Instructions to follow
Where the records hold the string "along", show the whole line it sits on.
*****
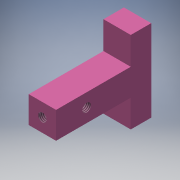
# Autodesk Inventor part: vexSupportForArm
Saved by Autodesk Inventor 2016 SP1 (Build 200210100, 210)
## iProperties
Created: 2015-07-13
Part Number: vexSupportForArm
Material: Aluminum 6061
Document SubType Name: Modeling
Designer: steele
Density: 2.7 g/cm^3
Appearance: Pink
Mass: 94.7579 g
Surface Area: 105.47 cm^2
Volume: 35.0955 cm^3
Author: steele
Autodesk Inventor part; units mm, degrees
ref_plane "YZ Plane" through (0, 0, 0) normal (1, 0, 0) x (0, 1, 0)
ref_plane "XZ Plane" through (0, 0, 0) normal (0, 1, 0) x (-1, 0, 0)
ref_plane "XY Plane" through (0, 0, 0) normal (0, 0, 1) x (1, 0, 0)
sketch "Sketch1" plane through (0, 0, 0) normal (0, 0, 1) x (1, 0, 0)
  line L0 (-6.35, -19.05) -> (6.35, -19.05)
  line L1 (6.35, -19.05) -> (6.35, 19.05)
  line L2 (6.35, 19.05) -> (-6.35, 19.05)
  line L3 (-6.35, 19.05) -> (-6.35, -19.05)
  line L4 (-6.35, -19.05) -> (6.35, 19.05) construction
  line L5 (6.35, -19.05) -> (-6.35, 19.05) construction
  point P0 (0, 0)
  dimension "height" = 38.1
  dimension "width" = 12.7
  constraints: 12 end point, 2 midpoint, 2 parallel, 1 horizontal, 1 perpendicular
  measures "height" distance of L0.end L1.end
  measures "width" distance of L1.end L2.end
extrude "Extrusion9" add sketch "Sketch1" against normal blind 9.525
sketch "Sketch19" plane through (0, 0, 0) normal (0, 0, 1) x (1, 0, 0)
  line L0 (-6.35, -6.223) -> (6.35, -6.223)
  line L1 (6.35, -6.223) -> (6.35, 6.223)
  line L2 (6.35, 6.223) -> (-6.35, 6.223)
  line L3 (-6.35, 6.223) -> (-6.35, -6.223)
  line L4 (-6.35, -6.223) -> (6.35, 6.223) construction
  line L5 (6.35, -6.223) -> (-6.35, 6.223) construction
  line L6 (-6.35, 19.05) -> (-6.35, -19.05) projected
  point P0 (0, 0)
  dimension "d126" = 12.446
  constraints: 12 end point, 2 midpoint, 2 parallel, 1 collinear, 1 perpendicular
  measures "d126" distance of L2.end L0.start
extrude "Extrusion10" add sketch "Sketch19" along normal blind 34.798
sketch "Sketch20" plane through (6.35, -19.05, -9.525) normal (1, 0, 0) x (0, 0, -1)
  line L0 (-9.525, 25.273) -> (-9.525, 38.1) projected
  line L1 (-9.525, 19.05) -> (-44.323, 19.05) construction
  line L2 (-44.323, 25.273) -> (-44.323, 12.827) construction
  point P0 (-30.099, 19.05)
  dimension "d129" = 20.574
  dimension "d137" = 0
  constraints: 2 end point, 1 midpoint
  measures "d129" distance from line of point (-30.099, 19.05) L0
  measures "d137" distance from line of point (-30.099, 19.05) L1
hole "Hole13" at (6.35, 0, 20.574) direction (-1, 0, 0) diameter 3.9624 end through all thread size "10-32 UNF" class "2B" standard "ANSI Unified Screw Threads"
sketch "Sketch21" plane through (0, 0, 34.798) normal (0, 0, 1) x (1, 0, 0)
  point P0 (0, 0)
  point P1 (0, 0)
  constraints: 1 coincident
hole "Hole14" at (0, 0, 34.798) direction (0, 0, -1) diameter 3.9624 depth 10.16 tip angle 118 thread size "10-32 UNF" class "2B" standard "ANSI Unified Screw Threads"
sketch "Sketch22" plane through (-6.35, -6.223, 0) normal (0, -1, 0) x (1, 0, 0)
  point P0 (6.35, 0)
sketch "Sketch23" plane through (-6.35, -6.223, 0) normal (0, -1, 0) x (1, 0, 0)
  line L0 (0, 34.798) -> (12.7, 34.798) projected
  point P0 (6.35, 0)
  point P1 (6.35, 9.398)
  dimension "d145" = 25.4
  measures "d145" distance from line of point (6.35, 9.398) L0
hole "Hole15" at (0, -6.223, 9.398) direction (0, 1, 0) diameter 3.9624 end through all thread size "10-32 UNF" class "2B" standard "ANSI Unified Screw Threads"
equation "\"height\" = partHeight"
equation "\"width\" = partWidth"
equation "\"d124\" = depthBehindPlate"
equation "\"d126\" = slotWidth"
equation "\"d127\" = 2 * centerLineOfCylinder + plateThickness"
equation "\"d129\" = centerLineOfCylinder + plateThickness"
equation "\"partWidth\" = 12.7"
equation "\"centerLineOfCylinder\" = 14.224"
equation "\"partHeight\" = 38.1"
equation "\"depthBehindPlate\" = 9.525"
equation "\"plateThickness\" = 6.35"
equation "\"printerOffset\" = 0.254"
equation "\"slotWidth\" = 12.446"
body "Solid2"
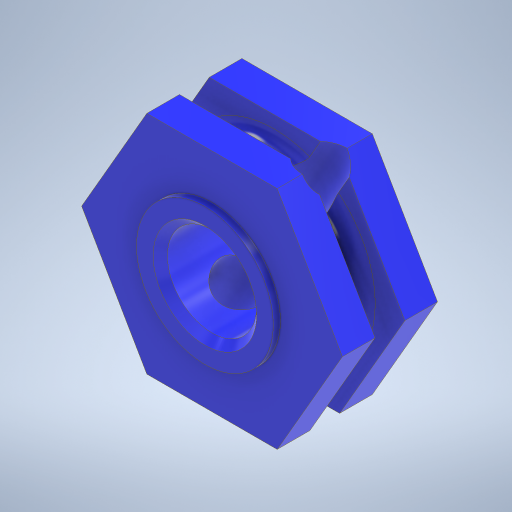
# Autodesk Inventor part: HexDrive
Saved by Autodesk Inventor 2024 (Build 280153000, 153)
## iProperties
Created: 2023-05-27
Part Number: HexDrive
Material: Nylon 6/6
Document SubType Name: Modeling
Designer: _Astitva_Aryan_
Density: 1.13 g/cm^3
Appearance: Nylon 6
Author: _Astitva_Aryan_
Autodesk Inventor part; units mm, degrees
ref_plane "YZ Plane" through (0, 0, 0) normal (1, 0, 0) x (0, 1, 0)
ref_plane "XZ Plane" through (0, 0, 0) normal (0, 1, 0) x (-1, 0, 0)
ref_plane "XY Plane" through (0, 0, 0) normal (0, 0, 1) x (1, 0, 0)
sketch "Sketch1" plane through (0, 0, 0) normal (0, 0, 1) x (1, 0, 0)
  circle A0 centre (0, 0) radius 6.0325 construction
  line L0 (3.4829, 6.0325) -> (6.9657, 0)
  line L1 (6.9657, 0) -> (3.4829, -6.0325)
  line L2 (3.4829, -6.0325) -> (-3.4829, -6.0325)
  line L3 (-3.4829, -6.0325) -> (-6.9657, 0)
  line L4 (-6.9657, 0) -> (-3.4829, 6.0325)
  line L5 (-3.4829, 6.0325) -> (3.4829, 6.0325)
  point P0 (0, 6.0325)
  dimension "d0" = 12.065
  constraints: 12 end point, 2 coincident, 1 horizontal, 1 midpoint, 1 vertical alignment, 15 other
extrude "Extrusion1" add sketch "Sketch1" along normal mid plane 5.08
sketch "Sketch2" plane through (0, 0, 2.54) normal (0, 0, 1) x (1, 0, 0)
  circle A0 centre (0, 0) radius 2.3813
  circle A1 centre (0, 0) radius 3.6513
  dimension "d3" = 4.7625
  dimension "d4" = 1.27
  constraints: 2 centre point, 1 coincident
  measures "d3" diameter of A0
  measures "d4" radial gap between concentric circles of A0 A1
extrude "Extrusion2" cut sketch "Sketch2" against normal blind 5.08 contours A0
extrude "Extrusion3" add sketch "Sketch2" along normal blind 0.381
chamfer "Chamfer1" distance 0.381 angle 45 1 edges at (-2.3813, 0, 2.921)
ref_plane "Work Plane1" through (3.4829, 6.0325, 0) normal (0.5, 0.8660254, 0) x (0, 0, 1)
sketch "Sketch3" plane through (3.4829, 6.0325, 0) normal (0.5, 0.8660254, 0) x (0, 0, 1)
  circle A0 centre (0, 0) radius 1.1913
  dimension "d13" = 2.3825
  constraints: 1 centre point, 1 coincident
  measures "d13" diameter of A0
extrude "Extrusion4" cut sketch "Sketch3" against normal through all
ref_plane "Work Plane3" through (3.4829, 6.0325, 0) normal (0.8660254, -0.5, 0) x (0, 0, 1)
sketch "Sketch7" plane through (3.4829, 6.0325, 0) normal (0.8660254, -0.5, 0) x (0, 0, 1)
  line L0 (-0.7937, 0) -> (-0.7937, 1.5875)
  arc A0 (0.7937, 1.5875) -> (-0.7937, 1.5875) centre (0, 1.5875) ccw
  line L1 (0.7937, 1.5875) -> (0.7938, 0)
  line L2 (-0.7937, 0) -> (0.7938, 0)
  line L3 (2.54, 3.4829) -> (2.54, 0) projected
  line L4 (2.54, 0) -> (1.1913, 0)
  line L5 (1.1913, 0) -> (1.1913, 4.5845) projected
  line L6 (-3.6322, 6.9657) -> (4.0132, 6.9657) projected
  point P0 (0, 6.9657)
  dimension "d16" = 1.5875
  dimension "d17" = 1.5875
  constraints: 8 end point, 2 point on circle, 2 vertical, 1 centre point, 1 collinear, 1 horizontal, 1 perpendicular, 1 point on line, 1 tangent, 1 vertical alignment
  measures "d16" distance of L0.start L0.end
  measures "d17" diameter of A0
revolve "Revolution1" cut sketch "Sketch7" angle 360 about axis through (0, 0, -10) along (0, 0, 1)
scale "Scale1" factors (10, 10, 10) then translate (0, 0, 22.86) bodies 1
body "Solid1"
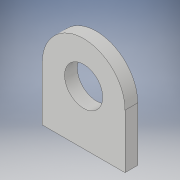
# Autodesk Inventor part: podporka_mala
Saved by Autodesk Inventor 2019 (Build 230136000, 136)
## iProperties
Created: 2019-12-14
Part Number: podporka_mala
Material: Ogólny
Document SubType Name: Modeling
Designer: Karolina
Density: 1 g/cm^3
Appearance: Domyślna
Author: Karolina
Autodesk Inventor part; units mm, degrees
ref_plane "YZ Plane" through (0, 0, 0) normal (1, 0, 0) x (0, 1, 0)
ref_plane "XZ Plane" through (0, 0, 0) normal (0, 1, 0) x (-1, 0, 0)
ref_plane "XY Plane" through (0, 0, 0) normal (0, 0, 1) x (1, 0, 0)
sketch "Szkic1" plane through (0, 0, 0) normal (0, 0, 1) x (1, 0, 0)
  line L0 (0, 0) -> (6.5, 0)
  line L1 (6.5, 0) -> (6.5, 7.5)
  line L2 (6.5, 7.5) -> (0, 7.5)
  line L3 (0, 7.5) -> (0, 0)
  point P0 (3.25, 4.25)
  dimension "d0" = 6.5
  dimension "d5" = 3.25
  dimension "d6" = 4.25
  constraints: 8 end point, 2 parallel, 1 horizontal, 1 perpendicular
  measures "d0" distance of L1.end L2.end
  measures "d5" distance from line of L2 point (3.25, 4.25)
  measures "d6" distance from line of L0 point (3.25, 4.25)
extrude "Wyciągnięcie proste1" add sketch "Szkic1" along normal mid plane 1
fillet "Zaokrąglenie1" radius 3.25 2 edges at (6.5, 7.5, 0) (0, 7.5, 0)
hole "Otwór1" at (3.25, 4.25, 0) direction (0, 0, -1) diameter 3 end through all both
*****
Completed task
extrude "Extrusion10" add sketch "Sketch19" along normal blind 34.798
extrude "Extrusion1" add sketch "Sketch1" along normal mid plane 5.08
extrude "Extrusion3" add sketch "Sketch2" along normal blind 0.381
revolve "Revolution1" cut sketch "Sketch7" angle 360 about axis through (0, 0, -10) along (0, 0, 1)
extrude "Wyciągnięcie proste1" add sketch "Szkic1" along normal mid plane 1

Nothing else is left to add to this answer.